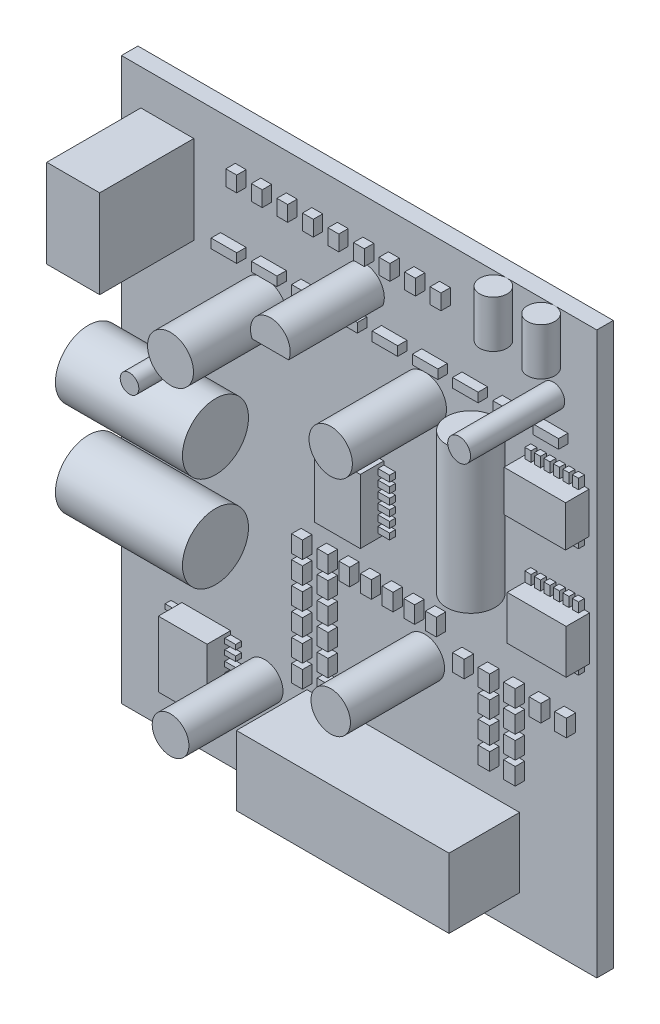
SolidWorks part; units mm, degrees
ref_plane "Plan de face" through (0, 0, 0) normal (0, 0, 1) x (1, 0, 0)
ref_plane "Plan de dessus" through (0, 0, 0) normal (0, 1, 0) x (1, 0, 0)
ref_plane "Plan de droite" through (0, 0, 0) normal (1, 0, 0) x (0, 0, -1)
sketch "Esquisse1" plane through (0, 0, 0) normal (0, 0, 1) x (1, 0, 0)
  line L1 (0, 0) -> (40.4, 0)
  line L2 (0, 0) -> (0, 47.7)
  line L3 (0, 47.7) -> (40.4, 47.7)
  line L4 (40.4, 0) -> (40.4, 47.7)
  dimension "D1" = 40.4
  dimension "D2" = 47.7
extrude "Extrusion1" add sketch "Esquisse1" along normal blind 1.4
sketch "Esquisse2" plane through (0, 0, 1.4) normal (0, 0, 1) x (1, 0, 0)
  line L1 (1.6498, 44.6665) -> (6.1498, 44.6665)
  line L2 (1.6498, 44.6665) -> (1.6498, 37.1665)
  line L3 (1.6498, 37.1665) -> (6.1498, 37.1665)
  line L4 (6.1498, 44.6665) -> (6.1498, 37.1665)
  dimension "D1" = 7.5
  dimension "D2" = 4.5
extrude "Extrusion2" add sketch "Esquisse2" along normal blind 8
sketch "Esquisse3" plane through (0, 0, 1.4) normal (0, 0, 1) x (1, 0, 0)
  line L0 (19.0987, 40.3981) -> (22.2105, 40.3981)
  circle A0 centre (8.6862, 31.9057) radius 0.7919
  circle A1 centre (12.1715, 35.4567) radius 1.9519
  circle A2 centre (25.7839, 35.4567) radius 1.8425
  arc A3 (22.2105, 40.3981) -> (19.0987, 40.3981) centre (20.6546, 41.0464) ccw
  circle A4 centre (12.1715, 7.7708) radius 1.559
  circle A5 centre (25.7839, 16.3204) radius 1.6766
  circle A6 centre (36.7002, 41.0464) radius 0.9709
extrude "Extrusion3" add sketch "Esquisse3" along normal blind 8
sketch "Esquisse4" plane through (0, 0, 1.4) normal (0, 0, 1) x (1, 0, 0)
  line L1 (15.7714, 8.9071) -> (33.8392, 8.9071)
  line L2 (15.7714, 8.9071) -> (15.7714, 2.9981)
  line L3 (15.7714, 2.9981) -> (33.8392, 2.9981)
  line L4 (33.8392, 8.9071) -> (33.8392, 2.9981)
extrude "Extrusion4" add sketch "Esquisse4" along normal blind 6
ref_plane "Plan1" through (0, 25, 0) normal (0, 1, 0) x (-1, 0, 0)
sketch "Esquisse5" plane through (0, 25, 0) normal (0, 1, 0) x (-1, 0, 0)
  line L0 (-40.4, 1.4) -> (0, 1.4) construction
  circle A0 centre (-31.7474, 3.4583) radius 2.0583
extrude "Extrusion5" add sketch "Esquisse5" along normal blind 12
sketch "Esquisse6" plane through (0, 0, 1.4) normal (0, 0, 1) x (1, 0, 0)
  line L1 (34.5087, 35.654) -> (39.7463, 35.654)
  line L2 (34.5087, 35.654) -> (34.5087, 32.1687)
  line L3 (34.5087, 32.1687) -> (39.7463, 32.1687)
  line L4 (39.7463, 35.654) -> (39.7463, 32.1687)
  line L5 (34.7835, 26.5791) -> (39.7973, 26.5791)
  line L6 (34.7835, 26.5791) -> (34.7835, 22.8307)
  line L7 (34.7835, 22.8307) -> (39.7973, 22.8307)
  line L8 (39.7973, 26.5791) -> (39.7973, 22.8307)
  line L9 (18.4188, 29.0122) -> (22.2986, 29.0122)
  line L10 (18.4188, 29.0122) -> (18.4188, 23.5541)
  line L11 (18.4188, 23.5541) -> (22.2986, 23.5541)
  line L12 (22.2986, 29.0122) -> (22.2986, 23.5541)
  line L13 (5.1351, 10.0074) -> (9.2781, 10.0074)
  line L14 (5.1351, 10.0074) -> (5.1351, 4.4178)
  line L15 (5.1351, 4.4178) -> (9.2781, 4.4178)
  line L16 (9.2781, 10.0074) -> (9.2781, 4.4178)
extrude "Extrusion6" add sketch "Esquisse6" along normal blind 2
sketch "Esquisse7" plane through (0, 0, 1.4) normal (0, 0, 1) x (1, 0, 0)
  line L1 (34.7835, 35.654) -> (35.3096, 35.654)
  line L2 (34.7835, 35.654) -> (34.7835, 36.5089)
  line L3 (34.7835, 36.5089) -> (35.3096, 36.5089)
  line L4 (35.3096, 35.654) -> (35.3096, 36.5089)
  line L5 (35.5906, 35.654) -> (35.5906, 36.5089)
  line L6 (35.5906, 35.654) -> (36.1167, 35.654)
  line L7 (35.5906, 36.5089) -> (36.1167, 36.5089)
  line L8 (36.1167, 35.654) -> (36.1167, 36.5089)
  line L9 (36.3977, 35.654) -> (36.3977, 36.5089)
  line L10 (36.3977, 35.654) -> (36.9237, 35.654)
  line L11 (36.3977, 36.5089) -> (36.9237, 36.5089)
  line L12 (36.9237, 35.654) -> (36.9237, 36.5089)
  line L13 (37.2047, 35.654) -> (37.2047, 36.5089)
  line L14 (37.2047, 35.654) -> (37.7308, 35.654)
  line L15 (37.2047, 36.5089) -> (37.7308, 36.5089)
  line L16 (37.7308, 35.654) -> (37.7308, 36.5089)
  line L17 (38.0118, 35.654) -> (38.0118, 36.5089)
  line L18 (38.0118, 35.654) -> (38.5379, 35.654)
  line L19 (38.0118, 36.5089) -> (38.5379, 36.5089)
  line L20 (38.5379, 35.654) -> (38.5379, 36.5089)
  line L21 (38.8189, 35.654) -> (38.8189, 36.5089)
  line L22 (38.8189, 35.654) -> (39.345, 35.654)
  line L23 (38.8189, 36.5089) -> (39.345, 36.5089)
  line L24 (39.345, 35.654) -> (39.345, 36.5089)
  line L25 (39.7463, 33.9114) -> (36.0147, 33.9114) construction
  line L26 (39.7463, 32.1687) -> (39.7463, 35.654) construction
  line L27 (39.345, 32.1687) -> (39.345, 31.3138)
  line L28 (38.8189, 31.3138) -> (39.345, 31.3138)
  line L29 (38.8189, 32.1687) -> (39.345, 32.1687)
  line L30 (38.8189, 32.1687) -> (38.8189, 31.3138)
  line L31 (38.5379, 32.1687) -> (38.5379, 31.3138)
  line L32 (38.0118, 31.3138) -> (38.5379, 31.3138)
  line L33 (38.0118, 32.1687) -> (38.5379, 32.1687)
  line L34 (38.0118, 32.1687) -> (38.0118, 31.3138)
  line L35 (37.7308, 32.1687) -> (37.7308, 31.3138)
  line L36 (37.2047, 31.3138) -> (37.7308, 31.3138)
  line L37 (37.2047, 32.1687) -> (37.7308, 32.1687)
  line L38 (37.2047, 32.1687) -> (37.2047, 31.3138)
  line L39 (36.9237, 32.1687) -> (36.9237, 31.3138)
  line L40 (36.3977, 31.3138) -> (36.9237, 31.3138)
  line L41 (36.3977, 32.1687) -> (36.9237, 32.1687)
  line L42 (36.3977, 32.1687) -> (36.3977, 31.3138)
  line L43 (36.1167, 32.1687) -> (36.1167, 31.3138)
  line L44 (35.5906, 31.3138) -> (36.1167, 31.3138)
  line L45 (35.5906, 32.1687) -> (36.1167, 32.1687)
  line L46 (35.5906, 32.1687) -> (35.5906, 31.3138)
  line L47 (35.3096, 32.1687) -> (35.3096, 31.3138)
  line L48 (34.7835, 31.3138) -> (35.3096, 31.3138)
  line L49 (34.7835, 32.1687) -> (34.7835, 31.3138)
  line L50 (34.7835, 32.1687) -> (35.3096, 32.1687)
  line L52 (34.7835, 26.5791) -> (35.3096, 26.5791)
  line L53 (34.7835, 26.5791) -> (34.7835, 27.4044)
  line L54 (34.7835, 27.4044) -> (35.3096, 27.4044)
  line L55 (35.3096, 26.5791) -> (35.3096, 27.4044)
  line L56 (35.5906, 26.5791) -> (35.5906, 27.4044)
  line L57 (35.5906, 27.4044) -> (36.1167, 27.4044)
  line L58 (36.1167, 26.5791) -> (36.1167, 27.4044)
  line L59 (35.5906, 26.5791) -> (36.1167, 26.5791)
  line L60 (36.3977, 26.5791) -> (36.3977, 27.4044)
  line L61 (36.3977, 27.4044) -> (36.9237, 27.4044)
  line L62 (36.9237, 26.5791) -> (36.9237, 27.4044)
  line L63 (36.3977, 26.5791) -> (36.9237, 26.5791)
  line L64 (37.2047, 26.5791) -> (37.2047, 27.4044)
  line L65 (37.2047, 27.4044) -> (37.7308, 27.4044)
  line L66 (37.7308, 26.5791) -> (37.7308, 27.4044)
  line L67 (37.2047, 26.5791) -> (37.7308, 26.5791)
  line L68 (38.0118, 26.5791) -> (38.0118, 27.4044)
  line L69 (38.0118, 27.4044) -> (38.5379, 27.4044)
  line L70 (38.5379, 26.5791) -> (38.5379, 27.4044)
  line L71 (38.0118, 26.5791) -> (38.5379, 26.5791)
  line L72 (38.8189, 26.5791) -> (38.8189, 27.4044)
  line L73 (38.8189, 27.4044) -> (39.345, 27.4044)
  line L74 (39.345, 26.5791) -> (39.345, 27.4044)
  line L75 (38.8189, 26.5791) -> (39.345, 26.5791)
  line L76 (39.7973, 24.7049) -> (35.7927, 24.7049) construction
  line L77 (39.7973, 22.8307) -> (39.7973, 26.5791) construction
  line L78 (38.8189, 22.8307) -> (39.345, 22.8307)
  line L79 (39.345, 22.8307) -> (39.345, 22.0054)
  line L80 (38.8189, 22.0054) -> (39.345, 22.0054)
  line L81 (38.8189, 22.8307) -> (38.8189, 22.0054)
  line L82 (38.0118, 22.8307) -> (38.5379, 22.8307)
  line L83 (38.5379, 22.8307) -> (38.5379, 22.0054)
  line L84 (38.0118, 22.0054) -> (38.5379, 22.0054)
  line L85 (38.0118, 22.8307) -> (38.0118, 22.0054)
  line L86 (37.2047, 22.8307) -> (37.7308, 22.8307)
  line L87 (37.7308, 22.8307) -> (37.7308, 22.0054)
  line L88 (37.2047, 22.0054) -> (37.7308, 22.0054)
  line L89 (37.2047, 22.8307) -> (37.2047, 22.0054)
  line L90 (36.3977, 22.8307) -> (36.9237, 22.8307)
  line L91 (36.9237, 22.8307) -> (36.9237, 22.0054)
  line L92 (36.3977, 22.0054) -> (36.9237, 22.0054)
  line L93 (36.3977, 22.8307) -> (36.3977, 22.0054)
  line L94 (35.5906, 22.8307) -> (36.1167, 22.8307)
  line L95 (36.1167, 22.8307) -> (36.1167, 22.0054)
  line L96 (35.5906, 22.0054) -> (36.1167, 22.0054)
  line L97 (35.5906, 22.8307) -> (35.5906, 22.0054)
  line L98 (35.3096, 22.8307) -> (35.3096, 22.0054)
  line L99 (34.7835, 22.0054) -> (35.3096, 22.0054)
  line L100 (34.7835, 22.8307) -> (34.7835, 22.0054)
  line L101 (34.7835, 22.8307) -> (35.3096, 22.8307)
  line L102 (22.2986, 23.5541) -> (22.2986, 29.0122) construction
  line L103 (22.2986, 28.6995) -> (23.2857, 28.6995)
  line L104 (22.2986, 28.6995) -> (22.2986, 28.1814)
  line L105 (22.2986, 28.1814) -> (23.2857, 28.1814)
  line L106 (23.2857, 28.6995) -> (23.2857, 28.1814)
  line L107 (22.2986, 27.3304) -> (23.2857, 27.3304)
  line L108 (22.2986, 27.8484) -> (22.2986, 27.3304)
  line L109 (22.2986, 27.8484) -> (23.2857, 27.8484)
  line L110 (23.2857, 27.8484) -> (23.2857, 27.3304)
  line L111 (22.2986, 26.4793) -> (23.2857, 26.4793)
  line L112 (22.2986, 26.9974) -> (22.2986, 26.4793)
  line L113 (22.2986, 26.9974) -> (23.2857, 26.9974)
  line L114 (23.2857, 26.9974) -> (23.2857, 26.4793)
  line L115 (22.2986, 25.6282) -> (23.2857, 25.6282)
  line L116 (22.2986, 26.1463) -> (22.2986, 25.6282)
  line L117 (22.2986, 26.1463) -> (23.2857, 26.1463)
  line L118 (23.2857, 26.1463) -> (23.2857, 25.6282)
  line L119 (22.2986, 24.7772) -> (23.2857, 24.7772)
  line L120 (22.2986, 25.2952) -> (22.2986, 24.7772)
  line L121 (22.2986, 25.2952) -> (23.2857, 25.2952)
  line L122 (23.2857, 25.2952) -> (23.2857, 24.7772)
  line L123 (22.2986, 23.9261) -> (23.2857, 23.9261)
  line L124 (22.2986, 24.4441) -> (22.2986, 23.9261)
  line L125 (22.2986, 24.4441) -> (23.2857, 24.4441)
  line L126 (23.2857, 24.4441) -> (23.2857, 23.9261)
  line L127 (20.3587, 29.0122) -> (20.3587, 22.2707) construction
  line L128 (22.2986, 29.0122) -> (18.4188, 29.0122) construction
  line L129 (17.4318, 24.4441) -> (17.4318, 23.9261)
  line L130 (18.4188, 24.4441) -> (17.4318, 24.4441)
  line L131 (18.4188, 24.4441) -> (18.4188, 23.9261)
  line L132 (18.4188, 23.9261) -> (17.4318, 23.9261)
  line L133 (17.4318, 25.2952) -> (17.4318, 24.7772)
  line L134 (18.4188, 25.2952) -> (17.4318, 25.2952)
  line L135 (18.4188, 25.2952) -> (18.4188, 24.7772)
  line L136 (18.4188, 24.7772) -> (17.4318, 24.7772)
  line L137 (17.4318, 26.1463) -> (17.4318, 25.6282)
  line L138 (18.4188, 26.1463) -> (17.4318, 26.1463)
  line L139 (18.4188, 26.1463) -> (18.4188, 25.6282)
  line L140 (18.4188, 25.6282) -> (17.4318, 25.6282)
  line L141 (17.4318, 26.9974) -> (17.4318, 26.4793)
  line L142 (18.4188, 26.9974) -> (17.4318, 26.9974)
  line L143 (18.4188, 26.9974) -> (18.4188, 26.4793)
  line L144 (18.4188, 26.4793) -> (17.4318, 26.4793)
  line L145 (17.4318, 27.8484) -> (17.4318, 27.3304)
  line L146 (18.4188, 27.8484) -> (17.4318, 27.8484)
  line L147 (18.4188, 27.8484) -> (18.4188, 27.3304)
  line L148 (18.4188, 27.3304) -> (17.4318, 27.3304)
  line L149 (17.4318, 28.6995) -> (17.4318, 28.1814)
  line L150 (18.4188, 28.1814) -> (17.4318, 28.1814)
  line L151 (18.4188, 28.6995) -> (18.4188, 28.1814)
  line L152 (18.4188, 28.6995) -> (17.4318, 28.6995)
  line L153 (9.2781, 4.4178) -> (9.2781, 10.0074) construction
  line L154 (9.2781, 9.7011) -> (10.2039, 9.7011)
  line L155 (9.2781, 9.7011) -> (9.2781, 9.2913)
  line L156 (9.2781, 9.2913) -> (10.2039, 9.2913)
  line L157 (10.2039, 9.7011) -> (10.2039, 9.2913)
  line L158 (9.2781, 8.8523) -> (10.2039, 8.8523)
  line L159 (9.2781, 8.8523) -> (9.2781, 8.4425)
  line L160 (9.2781, 8.4425) -> (10.2039, 8.4425)
  line L161 (10.2039, 8.8523) -> (10.2039, 8.4425)
  line L162 (9.2781, 8.0034) -> (10.2039, 8.0034)
  line L163 (9.2781, 8.0034) -> (9.2781, 7.5936)
  line L164 (9.2781, 7.5936) -> (10.2039, 7.5936)
  line L165 (10.2039, 8.0034) -> (10.2039, 7.5936)
  line L166 (9.2781, 7.1546) -> (10.2039, 7.1546)
  line L167 (9.2781, 7.1546) -> (9.2781, 6.7448)
  line L168 (9.2781, 6.7448) -> (10.2039, 6.7448)
  line L169 (10.2039, 7.1546) -> (10.2039, 6.7448)
  line L170 (9.2781, 6.3057) -> (10.2039, 6.3057)
  line L171 (9.2781, 6.3057) -> (9.2781, 5.896)
  line L172 (9.2781, 5.896) -> (10.2039, 5.896)
  line L173 (10.2039, 6.3057) -> (10.2039, 5.896)
  line L174 (9.2781, 5.4569) -> (10.2039, 5.4569)
  line L175 (9.2781, 5.4569) -> (9.2781, 5.0471)
  line L176 (9.2781, 5.0471) -> (10.2039, 5.0471)
  line L177 (10.2039, 5.4569) -> (10.2039, 5.0471)
  line L178 (7.2066, 10.0074) -> (7.2066, 2.9982) construction
  line L179 (9.2781, 10.0074) -> (5.1351, 10.0074) construction
  line L180 (4.2093, 5.4569) -> (4.2093, 5.0471)
  line L181 (5.1351, 5.0471) -> (4.2093, 5.0471)
  line L182 (5.1351, 5.4569) -> (5.1351, 5.0471)
  line L183 (5.1351, 5.4569) -> (4.2093, 5.4569)
  line L184 (4.2093, 6.3057) -> (4.2093, 5.896)
  line L185 (5.1351, 5.896) -> (4.2093, 5.896)
  line L186 (5.1351, 6.3057) -> (5.1351, 5.896)
  line L187 (5.1351, 6.3057) -> (4.2093, 6.3057)
  line L188 (4.2093, 7.1546) -> (4.2093, 6.7448)
  line L189 (5.1351, 6.7448) -> (4.2093, 6.7448)
  line L190 (5.1351, 7.1546) -> (5.1351, 6.7448)
  line L191 (5.1351, 7.1546) -> (4.2093, 7.1546)
  line L192 (4.2093, 8.0034) -> (4.2093, 7.5936)
  line L193 (5.1351, 7.5936) -> (4.2093, 7.5936)
  line L194 (5.1351, 8.0034) -> (5.1351, 7.5936)
  line L195 (5.1351, 8.0034) -> (4.2093, 8.0034)
  line L196 (4.2093, 8.8523) -> (4.2093, 8.4425)
  line L197 (5.1351, 8.4425) -> (4.2093, 8.4425)
  line L198 (5.1351, 8.8523) -> (5.1351, 8.4425)
  line L199 (5.1351, 8.8523) -> (4.2093, 8.8523)
  line L200 (4.2093, 9.7011) -> (4.2093, 9.2913)
  line L201 (5.1351, 9.2913) -> (4.2093, 9.2913)
  line L202 (5.1351, 9.7011) -> (5.1351, 9.2913)
  line L203 (5.1351, 9.7011) -> (4.2093, 9.7011)
extrude "Extrusion7" add sketch "Esquisse7" along normal blind 0.5
sketch "Esquisse8" plane through (0, 0, 1.4) normal (0, 0, 1) x (1, 0, 0)
  line L0 (11.8427, 44.5974) -> (12.7634, 44.5974)
  line L1 (9.6726, 44.5974) -> (10.5933, 44.5974)
  line L2 (9.6726, 44.5974) -> (9.6726, 43.2822)
  line L3 (9.6726, 43.2822) -> (10.5933, 43.2822)
  line L4 (10.5933, 44.5974) -> (10.5933, 43.2822)
  line L5 (11.8427, 44.5974) -> (11.8427, 43.2822)
  line L6 (11.8427, 43.2822) -> (12.7634, 43.2822)
  line L7 (12.7634, 44.5974) -> (12.7634, 43.2822)
  line L8 (14.0128, 44.5974) -> (14.9335, 44.5974)
  line L9 (14.0128, 44.5974) -> (14.0128, 43.2822)
  line L10 (14.0128, 43.2822) -> (14.9335, 43.2822)
  line L11 (14.9335, 44.5974) -> (14.9335, 43.2822)
  line L12 (16.1829, 44.5974) -> (17.1036, 44.5974)
  line L13 (16.1829, 44.5974) -> (16.1829, 43.2822)
  line L14 (16.1829, 43.2822) -> (17.1036, 43.2822)
  line L15 (17.1036, 44.5974) -> (17.1036, 43.2822)
  line L16 (18.353, 44.5974) -> (19.2737, 44.5974)
  line L17 (18.353, 44.5974) -> (18.353, 43.2822)
  line L18 (18.353, 43.2822) -> (19.2737, 43.2822)
  line L19 (19.2737, 44.5974) -> (19.2737, 43.2822)
  line L20 (20.5231, 44.5974) -> (21.4438, 44.5974)
  line L21 (20.5231, 44.5974) -> (20.5231, 43.2822)
  line L22 (20.5231, 43.2822) -> (21.4438, 43.2822)
  line L23 (21.4438, 44.5974) -> (21.4438, 43.2822)
  line L24 (22.6932, 44.5974) -> (23.6139, 44.5974)
  line L25 (22.6932, 44.5974) -> (22.6932, 43.2822)
  line L26 (22.6932, 43.2822) -> (23.6139, 43.2822)
  line L27 (23.6139, 44.5974) -> (23.6139, 43.2822)
  line L28 (24.8633, 44.5974) -> (25.7839, 44.5974)
  line L29 (24.8633, 44.5974) -> (24.8633, 43.2822)
  line L30 (24.8633, 43.2822) -> (25.7839, 43.2822)
  line L31 (25.7839, 44.5974) -> (25.7839, 43.2822)
  line L32 (27.0334, 44.5974) -> (27.954, 44.5974)
  line L33 (27.0334, 44.5974) -> (27.0334, 43.2822)
  line L34 (27.0334, 43.2822) -> (27.954, 43.2822)
  line L35 (27.954, 44.5974) -> (27.954, 43.2822)
  line L36 (11.8427, 38.0872) -> (14.0128, 38.0872)
  line L37 (8.4232, 38.8763) -> (10.5933, 38.8763)
  line L38 (8.4232, 38.8763) -> (8.4232, 38.0872)
  line L39 (8.4232, 38.0872) -> (10.5933, 38.0872)
  line L40 (10.5933, 38.8763) -> (10.5933, 38.0872)
  line L41 (11.8427, 38.8763) -> (11.8427, 38.0872)
  line L42 (11.8427, 38.8763) -> (14.0128, 38.8763)
  line L43 (14.0128, 38.8763) -> (14.0128, 38.0872)
  line L44 (15.2623, 38.0872) -> (17.4324, 38.0872)
  line L45 (15.2623, 38.8763) -> (15.2623, 38.0872)
  line L46 (15.2623, 38.8763) -> (17.4324, 38.8763)
  line L47 (17.4324, 38.8763) -> (17.4324, 38.0872)
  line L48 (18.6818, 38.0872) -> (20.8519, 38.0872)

------------------------------

### Description of the task
Would you repeat the material above exactly, line for line, from its first line to the line with "circle A6 centre", including both and skipping every picture?

### Solved problem
SolidWorks part; units mm, degrees
ref_plane "Plan de face" through (0, 0, 0) normal (0, 0, 1) x (1, 0, 0)
ref_plane "Plan de dessus" through (0, 0, 0) normal (0, 1, 0) x (1, 0, 0)
ref_plane "Plan de droite" through (0, 0, 0) normal (1, 0, 0) x (0, 0, -1)
sketch "Esquisse1" plane through (0, 0, 0) normal (0, 0, 1) x (1, 0, 0)
  line L1 (0, 0) -> (40.4, 0)
  line L2 (0, 0) -> (0, 47.7)
  line L3 (0, 47.7) -> (40.4, 47.7)
  line L4 (40.4, 0) -> (40.4, 47.7)
  dimension "D1" = 40.4
  dimension "D2" = 47.7
extrude "Extrusion1" add sketch "Esquisse1" along normal blind 1.4
sketch "Esquisse2" plane through (0, 0, 1.4) normal (0, 0, 1) x (1, 0, 0)
  line L1 (1.6498, 44.6665) -> (6.1498, 44.6665)
  line L2 (1.6498, 44.6665) -> (1.6498, 37.1665)
  line L3 (1.6498, 37.1665) -> (6.1498, 37.1665)
  line L4 (6.1498, 44.6665) -> (6.1498, 37.1665)
  dimension "D1" = 7.5
  dimension "D2" = 4.5
extrude "Extrusion2" add sketch "Esquisse2" along normal blind 8
sketch "Esquisse3" plane through (0, 0, 1.4) normal (0, 0, 1) x (1, 0, 0)
  line L0 (19.0987, 40.3981) -> (22.2105, 40.3981)
  circle A0 centre (8.6862, 31.9057) radius 0.7919
  circle A1 centre (12.1715, 35.4567) radius 1.9519
  circle A2 centre (25.7839, 35.4567) radius 1.8425
  arc A3 (22.2105, 40.3981) -> (19.0987, 40.3981) centre (20.6546, 41.0464) ccw
  circle A4 centre (12.1715, 7.7708) radius 1.559
  circle A5 centre (25.7839, 16.3204) radius 1.6766
  circle A6 centre (36.7002, 41.0464) radius 0.9709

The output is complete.